Organizations should also evaluate the surrounding controls that determine whether an attacker can turn name resolution abuse into meaningful access. Those include:

• DNS health and name resolution hygiene
• NTLM exposure and legacy authentication pathways
• SMB signing enforcement
• password strength and resistance to cracking
• network segmentation, especially between IT and OT environments
• blocking SMB and other unnecessary protocols at the IT/OT boundary
• detection capabilities that can identify poisoning, spoofing, or suspicious authentication behavior tied to LLMNR or NBT-NS
• visibility into where broadcast and fallback protocols are still in use

This is where security maturity and detection capabilities become important. In a traditional enterprise environment, disabling a risky fallback protocol may be the right answer. In OT, the better answer may be containing the exposure through segmentation, protocol restrictions, and detection. Either way, the goal is the same: reduce the attacker’s ability to see the traffic, intercept authentication, and turn a legacy protocol into broader access.

The RMC perspective

At RMC, we believe one of the most persistent cybersecurity problems isn’t always the newest exploit. Often, it is the accumulation of long-known weaknesses that remain embedded in business and operational environments because they were never revisited after deployment.

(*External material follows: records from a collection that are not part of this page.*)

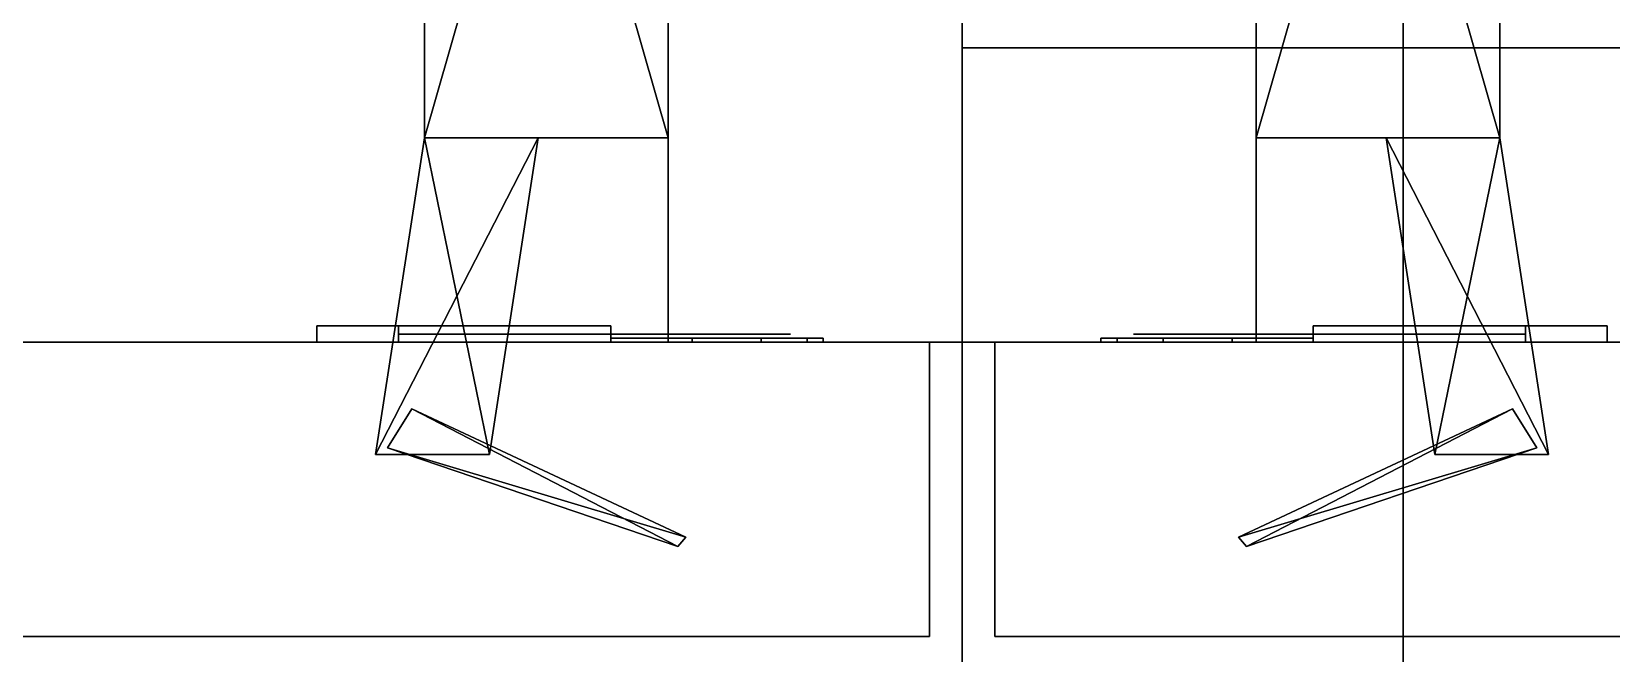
# Model space of a CAD drawing. Extents: x 0 to 6014, y -2463 to 0.
# Drawn here: x 1601 to 1697.8, y -649 to -611 of the extents above; entities that cross this region are included whole.
import ezdxf

# ---------------------------------------------------------------- set-up
doc = ezdxf.new("R2010")
doc.units = 0
for name, color, linetype in [('LAYER0', 7, 'CONTINUOUS'), ('LAYER1', 7, 'CONTINUOUS'), ('LAYER179', 7, 'CONTINUOUS'), ('LAYER180', 7, 'CONTINUOUS'), ('LAYER182', 7, 'CONTINUOUS'), ('LAYER208', 28, 'CONTINUOUS'), ('LAYER209', 253, 'CONTINUOUS'), ('LAYER210', 28, 'CONTINUOUS'), ('LAYER211', 253, 'CONTINUOUS'), ('LAYER212', 34, 'CONTINUOUS'), ('LAYER288', 34, 'CONTINUOUS'), ('LAYER301', 34, 'CONTINUOUS'), ('LAYER302', 34, 'CONTINUOUS'), ('LAYER304', 34, 'CONTINUOUS'), ('LAYER313', 28, 'CONTINUOUS'), ('LAYER314', 253, 'CONTINUOUS'), ('LAYER315', 28, 'CONTINUOUS'), ('LAYER316', 253, 'CONTINUOUS'), ('LAYER317', 34, 'CONTINUOUS'), ('LAYER318', 28, 'CONTINUOUS'), ('LAYER319', 253, 'CONTINUOUS'), ('LAYER379', 34, 'CONTINUOUS'), ('LAYER380', 34, 'CONTINUOUS'), ('LAYER383', 7, 'CONTINUOUS'), ('LAYER394', 7, 'CONTINUOUS'), ('LAYER404', 7, 'CONTINUOUS'), ('LAYER407', 7, 'CONTINUOUS'), ('LAYER565', 7, 'CONTINUOUS')]:
    doc.layers.add(name, color=color, linetype=linetype)

msp = doc.modelspace()

# ---------------------------------------------------------------- linework, layer by layer
at = {"layer": 'LAYER0'}
for points, invisible_edges in [([(1510, -275), (4585, -10), (2107, -1850), (1510, -275)], 7), ([(1510, -275, 5), (2107, -1850, 5), (1510, -10, 5), (1510, -275, 5)], 3), ([(1510, -10, 5), (2107, -1850, 5), (4585, -10, 5), (1510, -10, 5)], 3), ([(2107, -1850, 5), (0, -20, 5), (0, -1850, 5), (2107, -1850, 5)], 1), ([(0, -20, 5), (2107, -1850, 5), (1065, -275, 5), (0, -20, 5)], 7), ([(0, -1850), (1065, -275), (2107, -1850), (0, -1850)], 3), ([(2107, -1850), (1065, -275), (1510, -275), (2107, -1850)], 5), ([(1065, -275, 5), (2107, -1850, 5), (1510, -275, 5), (1065, -275, 5)], 3)]:
    msp.add_3dface(points, dxfattribs=dict(at, invisible_edges=invisible_edges))
at = {"layer": 'LAYER179', "invisible_edges": 1}
for points in [[(1676, -160, 2384), (2537, -630, 2384), (2537, -160, 2384), (1676, -160, 2384)], [(2537, -630, 2384), (1676, -160, 2384), (1676, -630, 2384), (2537, -630, 2384)], [(1676, -160, 2384), (1676, -630, 2366), (1676, -630, 2384), (1676, -160, 2384)], [(1676, -630, 2366), (1676, -160, 2384), (1676, -160, 2366), (1676, -630, 2366)], [(1676, -630, 2366), (2537, -160, 2366), (2537, -630, 2366), (1676, -630, 2366)], [(2537, -160, 2366), (1676, -630, 2366), (1676, -160, 2366), (2537, -160, 2366)], [(1676, -630, 2366), (2537, -630, 2384), (1676, -630, 2384), (1676, -630, 2366)], [(2537, -630, 2384), (1676, -630, 2366), (2537, -630, 2366), (2537, -630, 2384)]]:
    msp.add_3dface(points, dxfattribs=at)
at = {"layer": 'LAYER180', "invisible_edges": 1}
for points in [[(2537, -160, 1906), (1676, -630, 1906), (1676, -160, 1906), (2537, -160, 1906)], [(1676, -630, 1906), (2537, -160, 1906), (2537, -630, 1906), (1676, -630, 1906)], [(1676, -160, 1924), (1676, -630, 1906), (1676, -630, 1924), (1676, -160, 1924)], [(1676, -630, 1906), (1676, -160, 1924), (1676, -160, 1906), (1676, -630, 1906)], [(2537, -630, 1924), (1676, -160, 1924), (1676, -630, 1924), (2537, -630, 1924)], [(1676, -160, 1924), (2537, -630, 1924), (2537, -160, 1924), (1676, -160, 1924)], [(2537, -630, 1924), (1676, -630, 1906), (2537, -630, 1906), (2537, -630, 1924)], [(1676, -630, 1906), (2537, -630, 1924), (1676, -630, 1924), (1676, -630, 1906)]]:
    msp.add_3dface(points, dxfattribs=at)
at = {"layer": 'LAYER182', "invisible_edges": 1}
for points in [[(1658, -160, 1905), (1676, -630, 1905), (1658, -630, 1905), (1658, -160, 1905)], [(1676, -630, 1905), (1658, -160, 1905), (1676, -160, 1905), (1676, -630, 1905)], [(1676, -160, 2385), (1658, -630, 2385), (1676, -630, 2385), (1676, -160, 2385)], [(1658, -630, 2385), (1676, -160, 2385), (1658, -160, 2385), (1658, -630, 2385)], [(1658, -630, 2385), (1658, -160, 1905), (1658, -630, 1905), (1658, -630, 2385)], [(1658, -160, 1905), (1658, -630, 2385), (1658, -160, 2385), (1658, -160, 1905)], [(1676, -160, 2385), (1676, -630, 1905), (1676, -160, 1905), (1676, -160, 2385)], [(1676, -630, 1905), (1676, -160, 2385), (1676, -630, 2385), (1676, -630, 1905)], [(1658, -630, 2385), (1676, -630, 1905), (1676, -630, 2385), (1658, -630, 2385)], [(1676, -630, 1905), (1658, -630, 2385), (1658, -630, 1905), (1676, -630, 1905)]]:
    msp.add_3dface(points, dxfattribs=at)
at = {"layer": 'LAYER208'}
for points, invisible_edges in [([(1668.5, -629.5, 2013.5), (1668.5, -629.5, 2002.5), (1675.5, -629.5, 2002.5), (1675.291, -629.5, 2013.317)], 4), ([(1675.291, -629.5, 2013.317), (1675.5, -629.5, 2002.5), (1679.5, -629.5, 1999), (1679.5, -629.5, 2017)], 5), ([(1697.5, -629, 1987), (1692.5, -629, 1999), (1679.5, -629, 1999), (1679.5, -629, 1987)], 1), ([(1697.5, -629, 2029), (1692.5, -629, 2017), (1679.5, -629, 2017), (1679.5, -629, 2029)], 1), ([(1679.5, -629.5, 2017), (1679.5, -629.5, 1999), (1692.5, -629.5, 1999), (1692.5, -629.5, 2017)], 1), ([(1697.5, -629, 2029), (1697.5, -629, 1987), (1692.5, -629, 1999), (1692.5, -629, 2017)], 10), ([(1667.49, -629.75, 2003.025), (1666.5, -629.75, 2008), (1668.5, -629.75, 2008), (1668.5, -629.75, 2002.5)], 10), ([(1666.5, -629.75, 2008), (1667.49, -629.75, 2012.975), (1668.5, -629.75, 2013.5), (1668.5, -629.75, 2008)], 10), ([(1670.308, -629.75, 1998.808), (1667.49, -629.75, 2003.025), (1668.5, -629.75, 2002.5), (1672, -629.75, 2002.5)], 10), ([(1667.49, -629.75, 2012.975), (1670.308, -629.75, 2017.192), (1672, -629.75, 2013.5), (1668.5, -629.75, 2013.5)], 10), ([(1674.525, -629.75, 1995.99), (1670.308, -629.75, 1998.808), (1672, -629.75, 2002.5), (1675.5, -629.75, 2002.5)], 10), ([(1670.308, -629.75, 2017.192), (1674.525, -629.75, 2020.01), (1675.5, -629.75, 2013.5), (1672, -629.75, 2013.5)], 10), ([(1679.5, -629.75, 1995), (1674.525, -629.75, 1995.99), (1675.5, -629.75, 2002.5), (1679.5, -629.75, 1999)], 2), ([(1674.525, -629.75, 2020.01), (1679.5, -629.75, 2021), (1679.5, -629.75, 2017), (1675.5, -629.75, 2013.5)], 8)]:
    msp.add_3dface(points, dxfattribs=dict(at, invisible_edges=invisible_edges))
for points in [[(1697.5, -629, 1987), (1679.5, -629, 1987), (1679.5, -629, 1987), (1697.5, -629, 1987)], [(1697.5, -629, 2029), (1679.5, -629, 2029), (1679.5, -629, 2029), (1697.5, -629, 2029)], [(1692.5, -629, 1999), (1692.5, -630, 1999), (1679.5, -630, 1999), (1679.5, -629, 1999)], [(1679.5, -629, 1999), (1679.5, -630, 1999), (1679.5, -630, 1987), (1679.5, -629, 1987)], [(1679.5, -629, 1987), (1679.5, -630, 1987), (1697.5, -630, 1987), (1697.5, -629, 1987)], [(1692.5, -629, 2017), (1692.5, -630, 2017), (1679.5, -630, 2017), (1679.5, -629, 2017)], [(1679.5, -629, 2017), (1679.5, -630, 2017), (1679.5, -630, 2029), (1679.5, -629, 2029)], [(1679.5, -629, 2029), (1679.5, -630, 2029), (1697.5, -630, 2029), (1697.5, -629, 2029)], [(1692.5, -629, 1999), (1692.5, -630, 1999), (1692.5, -630, 2017), (1692.5, -629, 2017)], [(1697.5, -629, 2029), (1697.5, -630, 2029), (1697.5, -629, 2029)], [(1697.5, -630, 1987), (1697.5, -630, 2029), (1697.5, -629, 2029), (1697.5, -629, 1987)], [(1679.5, -630, 1999), (1679.5, -630, 1987), (1679.5, -630, 1999)], [(1679.5, -630, 2017), (1679.5, -630, 2029), (1679.5, -630, 2017)], [(1697.5, -630, 1987), (1679.5, -630, 1987), (1679.5, -630, 2029), (1697.5, -630, 2029)], [(1692.5, -630, 1999), (1692.5, -630, 2017), (1692.5, -630, 1999)]]:
    msp.add_3dface(points, dxfattribs=at)
at = {"layer": 'LAYER209'}
for points in [[(1676, -565.5, 2001.217), (1690.921, -617.5, 2001.217), (1676, -617.5, 2001.217), (1676, -565.5, 2001.217)], [(1690.921, -565.5, 2001.217), (1690.921, -617.5, 2001.217), (1676, -565.5, 2001.217), (1690.921, -565.5, 2001.217)], [(1676, -617.5, 2014.783), (1690.921, -565.5, 2014.783), (1676, -565.5, 2014.783), (1676, -617.5, 2014.783)], [(1690.921, -617.5, 2014.783), (1690.921, -565.5, 2014.783), (1676, -617.5, 2014.783), (1690.921, -617.5, 2014.783)], [(1690.921, -565.5, 2001.217), (1690.921, -617.5, 2014.783), (1690.921, -617.5, 2001.217), (1690.921, -565.5, 2001.217)], [(1690.921, -565.5, 2014.783), (1690.921, -617.5, 2014.783), (1690.921, -565.5, 2001.217), (1690.921, -565.5, 2014.783)], [(1683.958, -617.5, 2001.217), (1693.906, -636.8654, 2001.217), (1686.942, -636.8654, 2001.217), (1683.958, -617.5, 2001.217)], [(1690.921, -617.5, 2001.217), (1693.906, -636.8654, 2001.217), (1683.958, -617.5, 2001.217), (1690.921, -617.5, 2001.217)], [(1686.942, -636.8654, 2014.783), (1690.921, -617.5, 2014.783), (1683.958, -617.5, 2014.783), (1686.942, -636.8654, 2014.783)], [(1693.906, -636.8654, 2014.783), (1690.921, -617.5, 2014.783), (1686.942, -636.8654, 2014.783), (1693.906, -636.8654, 2014.783)], [(1690.921, -617.5, 2001.217), (1693.906, -636.8654, 2014.783), (1693.906, -636.8654, 2001.217), (1690.921, -617.5, 2001.217)], [(1690.921, -617.5, 2014.783), (1693.906, -636.8654, 2014.783), (1690.921, -617.5, 2001.217), (1690.921, -617.5, 2014.783)], [(1691.692, -634.0753, 2002.348), (1675.409, -642.5, 2002.348), (1674.918, -641.9226, 2002.348), (1691.692, -634.0753, 2002.348)], [(1674.918, -641.9226, 2013.652), (1693.182, -636.4556, 2013.652), (1691.692, -634.0753, 2013.652), (1674.918, -641.9226, 2013.652)], [(1693.182, -636.4556, 2002.348), (1675.409, -642.5, 2002.348), (1691.692, -634.0753, 2002.348), (1693.182, -636.4556, 2002.348)], [(1675.409, -642.5, 2013.652), (1693.182, -636.4556, 2013.652), (1674.918, -641.9226, 2013.652), (1675.409, -642.5, 2013.652)], [(1693.182, -636.4556, 2002.348), (1675.409, -642.5, 2013.652), (1675.409, -642.5, 2002.348), (1693.182, -636.4556, 2002.348)], [(1693.182, -636.4556, 2013.652), (1675.409, -642.5, 2013.652), (1693.182, -636.4556, 2002.348), (1693.182, -636.4556, 2013.652)]]:
    msp.add_3dface(points, dxfattribs=at)
at = {"layer": 'LAYER210'}
for points, invisible_edges in [([(1668.5, -629.5, 2287.5), (1668.5, -629.5, 2276.5), (1675.5, -629.5, 2276.5), (1675.291, -629.5, 2287.317)], 4), ([(1675.291, -629.5, 2287.317), (1675.5, -629.5, 2276.5), (1679.5, -629.5, 2273), (1679.5, -629.5, 2291)], 5), ([(1697.5, -629, 2261), (1692.5, -629, 2273), (1679.5, -629, 2273), (1679.5, -629, 2261)], 1), ([(1697.5, -629, 2303), (1692.5, -629, 2291), (1679.5, -629, 2291), (1679.5, -629, 2303)], 1), ([(1679.5, -629.5, 2291), (1679.5, -629.5, 2273), (1692.5, -629.5, 2273), (1692.5, -629.5, 2291)], 1), ([(1697.5, -629, 2303), (1697.5, -629, 2261), (1692.5, -629, 2273), (1692.5, -629, 2291)], 10), ([(1667.49, -629.75, 2277.025), (1666.5, -629.75, 2282), (1668.5, -629.75, 2282), (1668.5, -629.75, 2276.5)], 10), ([(1666.5, -629.75, 2282), (1667.49, -629.75, 2286.975), (1668.5, -629.75, 2287.5), (1668.5, -629.75, 2282)], 10), ([(1670.308, -629.75, 2272.808), (1667.49, -629.75, 2277.025), (1668.5, -629.75, 2276.5), (1672, -629.75, 2276.5)], 10), ([(1667.49, -629.75, 2286.975), (1670.308, -629.75, 2291.192), (1672, -629.75, 2287.5), (1668.5, -629.75, 2287.5)], 10), ([(1674.525, -629.75, 2269.99), (1670.308, -629.75, 2272.808), (1672, -629.75, 2276.5), (1675.5, -629.75, 2276.5)], 10), ([(1670.308, -629.75, 2291.192), (1674.525, -629.75, 2294.01), (1675.5, -629.75, 2287.5), (1672, -629.75, 2287.5)], 10), ([(1679.5, -629.75, 2269), (1674.525, -629.75, 2269.99), (1675.5, -629.75, 2276.5), (1679.5, -629.75, 2273)], 2), ([(1674.525, -629.75, 2294.01), (1679.5, -629.75, 2295), (1679.5, -629.75, 2291), (1675.5, -629.75, 2287.5)], 8)]:
    msp.add_3dface(points, dxfattribs=dict(at, invisible_edges=invisible_edges))
for points in [[(1697.5, -629, 2261), (1679.5, -629, 2261), (1679.5, -629, 2261), (1697.5, -629, 2261)], [(1697.5, -629, 2303), (1679.5, -629, 2303), (1679.5, -629, 2303), (1697.5, -629, 2303)], [(1692.5, -629, 2273), (1692.5, -630, 2273), (1679.5, -630, 2273), (1679.5, -629, 2273)], [(1679.5, -629, 2273), (1679.5, -630, 2273), (1679.5, -630, 2261), (1679.5, -629, 2261)], [(1679.5, -629, 2261), (1679.5, -630, 2261), (1697.5, -630, 2261), (1697.5, -629, 2261)], [(1692.5, -629, 2291), (1692.5, -630, 2291), (1679.5, -630, 2291), (1679.5, -629, 2291)], [(1679.5, -629, 2291), (1679.5, -630, 2291), (1679.5, -630, 2303), (1679.5, -629, 2303)], [(1679.5, -629, 2303), (1679.5, -630, 2303), (1697.5, -630, 2303), (1697.5, -629, 2303)], [(1692.5, -629, 2273), (1692.5, -630, 2273), (1692.5, -630, 2291), (1692.5, -629, 2291)], [(1697.5, -629, 2303), (1697.5, -630, 2303), (1697.5, -629, 2303)], [(1697.5, -630, 2261), (1697.5, -630, 2303), (1697.5, -629, 2303), (1697.5, -629, 2261)], [(1679.5, -630, 2273), (1679.5, -630, 2261), (1679.5, -630, 2273)], [(1679.5, -630, 2291), (1679.5, -630, 2303), (1679.5, -630, 2291)], [(1697.5, -630, 2261), (1679.5, -630, 2261), (1679.5, -630, 2303), (1697.5, -630, 2303)], [(1692.5, -630, 2273), (1692.5, -630, 2291), (1692.5, -630, 2273)]]:
    msp.add_3dface(points, dxfattribs=at)
at = {"layer": 'LAYER211'}
for points in [[(1676, -565.5, 2275.217), (1690.921, -617.5, 2275.217), (1676, -617.5, 2275.217), (1676, -565.5, 2275.217)], [(1690.921, -565.5, 2275.217), (1690.921, -617.5, 2275.217), (1676, -565.5, 2275.217), (1690.921, -565.5, 2275.217)], [(1676, -617.5, 2288.783), (1690.921, -565.5, 2288.783), (1676, -565.5, 2288.783), (1676, -617.5, 2288.783)], [(1690.921, -617.5, 2288.783), (1690.921, -565.5, 2288.783), (1676, -617.5, 2288.783), (1690.921, -617.5, 2288.783)], [(1690.921, -565.5, 2275.217), (1690.921, -617.5, 2288.783), (1690.921, -617.5, 2275.217), (1690.921, -565.5, 2275.217)], [(1690.921, -565.5, 2288.783), (1690.921, -617.5, 2288.783), (1690.921, -565.5, 2275.217), (1690.921, -565.5, 2288.783)], [(1683.958, -617.5, 2275.217), (1693.906, -636.8654, 2275.217), (1686.942, -636.8654, 2275.217), (1683.958, -617.5, 2275.217)], [(1690.921, -617.5, 2275.217), (1693.906, -636.8654, 2275.217), (1683.958, -617.5, 2275.217), (1690.921, -617.5, 2275.217)], [(1686.942, -636.8654, 2288.783), (1690.921, -617.5, 2288.783), (1683.958, -617.5, 2288.783), (1686.942, -636.8654, 2288.783)], [(1693.906, -636.8654, 2288.783), (1690.921, -617.5, 2288.783), (1686.942, -636.8654, 2288.783), (1693.906, -636.8654, 2288.783)], [(1690.921, -617.5, 2275.217), (1693.906, -636.8654, 2288.783), (1693.906, -636.8654, 2275.217), (1690.921, -617.5, 2275.217)], [(1690.921, -617.5, 2288.783), (1693.906, -636.8654, 2288.783), (1690.921, -617.5, 2275.217), (1690.921, -617.5, 2288.783)], [(1691.692, -634.0753, 2276.348), (1675.409, -642.5, 2276.348), (1674.918, -641.9226, 2276.348), (1691.692, -634.0753, 2276.348)], [(1674.918, -641.9226, 2287.652), (1693.182, -636.4556, 2287.652), (1691.692, -634.0753, 2287.652), (1674.918, -641.9226, 2287.652)], [(1693.182, -636.4556, 2276.348), (1675.409, -642.5, 2276.348), (1691.692, -634.0753, 2276.348), (1693.182, -636.4556, 2276.348)], [(1675.409, -642.5, 2287.652), (1693.182, -636.4556, 2287.652), (1674.918, -641.9226, 2287.652), (1675.409, -642.5, 2287.652)], [(1693.182, -636.4556, 2276.348), (1675.409, -642.5, 2287.652), (1675.409, -642.5, 2276.348), (1693.182, -636.4556, 2276.348)], [(1693.182, -636.4556, 2287.652), (1675.409, -642.5, 2287.652), (1693.182, -636.4556, 2276.348), (1693.182, -636.4556, 2287.652)]]:
    msp.add_3dface(points, dxfattribs=at)
at = {"layer": 'LAYER212', "invisible_edges": 1}
for points in [[(2105, -630, 1872), (1660, -630, 2382), (2105, -630, 2382), (2105, -630, 1872)], [(1660, -630, 2382), (2105, -630, 1872), (1660, -630, 1872), (1660, -630, 2382)], [(2105, -630, 1872), (1660, -648, 1872), (1660, -630, 1872), (2105, -630, 1872)], [(1660, -648, 1872), (2105, -630, 1872), (2105, -648, 1872), (1660, -648, 1872)], [(1660, -648, 1872), (1660, -630, 2382), (1660, -630, 1872), (1660, -648, 1872)], [(1660, -630, 2382), (1660, -648, 1872), (1660, -648, 2382), (1660, -630, 2382)], [(2105, -648, 2382), (1660, -630, 2382), (1660, -648, 2382), (2105, -648, 2382)], [(1660, -630, 2382), (2105, -648, 2382), (2105, -630, 2382), (1660, -630, 2382)], [(1660, -648, 1872), (2105, -648, 2382), (1660, -648, 2382), (1660, -648, 1872)], [(2105, -648, 2382), (1660, -648, 1872), (2105, -648, 1872), (2105, -648, 2382)]]:
    msp.add_3dface(points, dxfattribs=at)
at = {"layer": 'LAYER288', "invisible_edges": 1}
for points in [[(1658, -480, 1905), (3452, -630, 1905), (3452, -480, 1905), (1658, -480, 1905)], [(3452, -630, 1905), (1658, -480, 1905), (1658, -630, 1905), (3452, -630, 1905)], [(1658, -480, 1905), (1658, -630, 1887), (1658, -630, 1905), (1658, -480, 1905)], [(1658, -630, 1887), (1658, -480, 1905), (1658, -480, 1887), (1658, -630, 1887)], [(1658, -630, 1887), (3452, -480, 1887), (3452, -630, 1887), (1658, -630, 1887)], [(3452, -480, 1887), (1658, -630, 1887), (1658, -480, 1887), (3452, -480, 1887)], [(1658, -630, 1887), (3452, -630, 1905), (1658, -630, 1905), (1658, -630, 1887)], [(3452, -630, 1905), (1658, -630, 1887), (3452, -630, 1887), (3452, -630, 1905)]]:
    msp.add_3dface(points, dxfattribs=at)
at = {"layer": 'LAYER301', "invisible_edges": 1}
for points in [[(1640, -430, 1373), (956, -630, 1373), (956, -430, 1373), (1640, -430, 1373)], [(956, -630, 1373), (1640, -430, 1373), (1640, -630, 1373), (956, -630, 1373)], [(1640, -630, 1391), (956, -430, 1391), (956, -630, 1391), (1640, -630, 1391)], [(956, -430, 1391), (1640, -630, 1391), (1640, -430, 1391), (956, -430, 1391)], [(1640, -430, 1373), (1640, -630, 1391), (1640, -630, 1373), (1640, -430, 1373)], [(1640, -630, 1391), (1640, -430, 1373), (1640, -430, 1391), (1640, -630, 1391)], [(1640, -630, 1391), (956, -630, 1373), (1640, -630, 1373), (1640, -630, 1391)], [(956, -630, 1373), (1640, -630, 1391), (956, -630, 1391), (956, -630, 1373)]]:
    msp.add_3dface(points, dxfattribs=at)
at = {"layer": 'LAYER302', "invisible_edges": 1}
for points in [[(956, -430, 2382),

LLMNR and NBT-NS are familiar examples of that problem.

They are legacy convenience features that may still serve a purpose in loosely managed networks, but in enterprise environments they often create more risk than value. When left enabled, they can help attackers collect credentials, impersonate systems, and establish footholds that lead to more significant outcomes.

That’s why this issue keeps showing up in assessments – and why organizations should not dismiss it as old news.

If your environment still relies on default name resolution fallbacks, the real question is whether LLMNR is serving a legitimate business need or preserving an opportunity for attackers.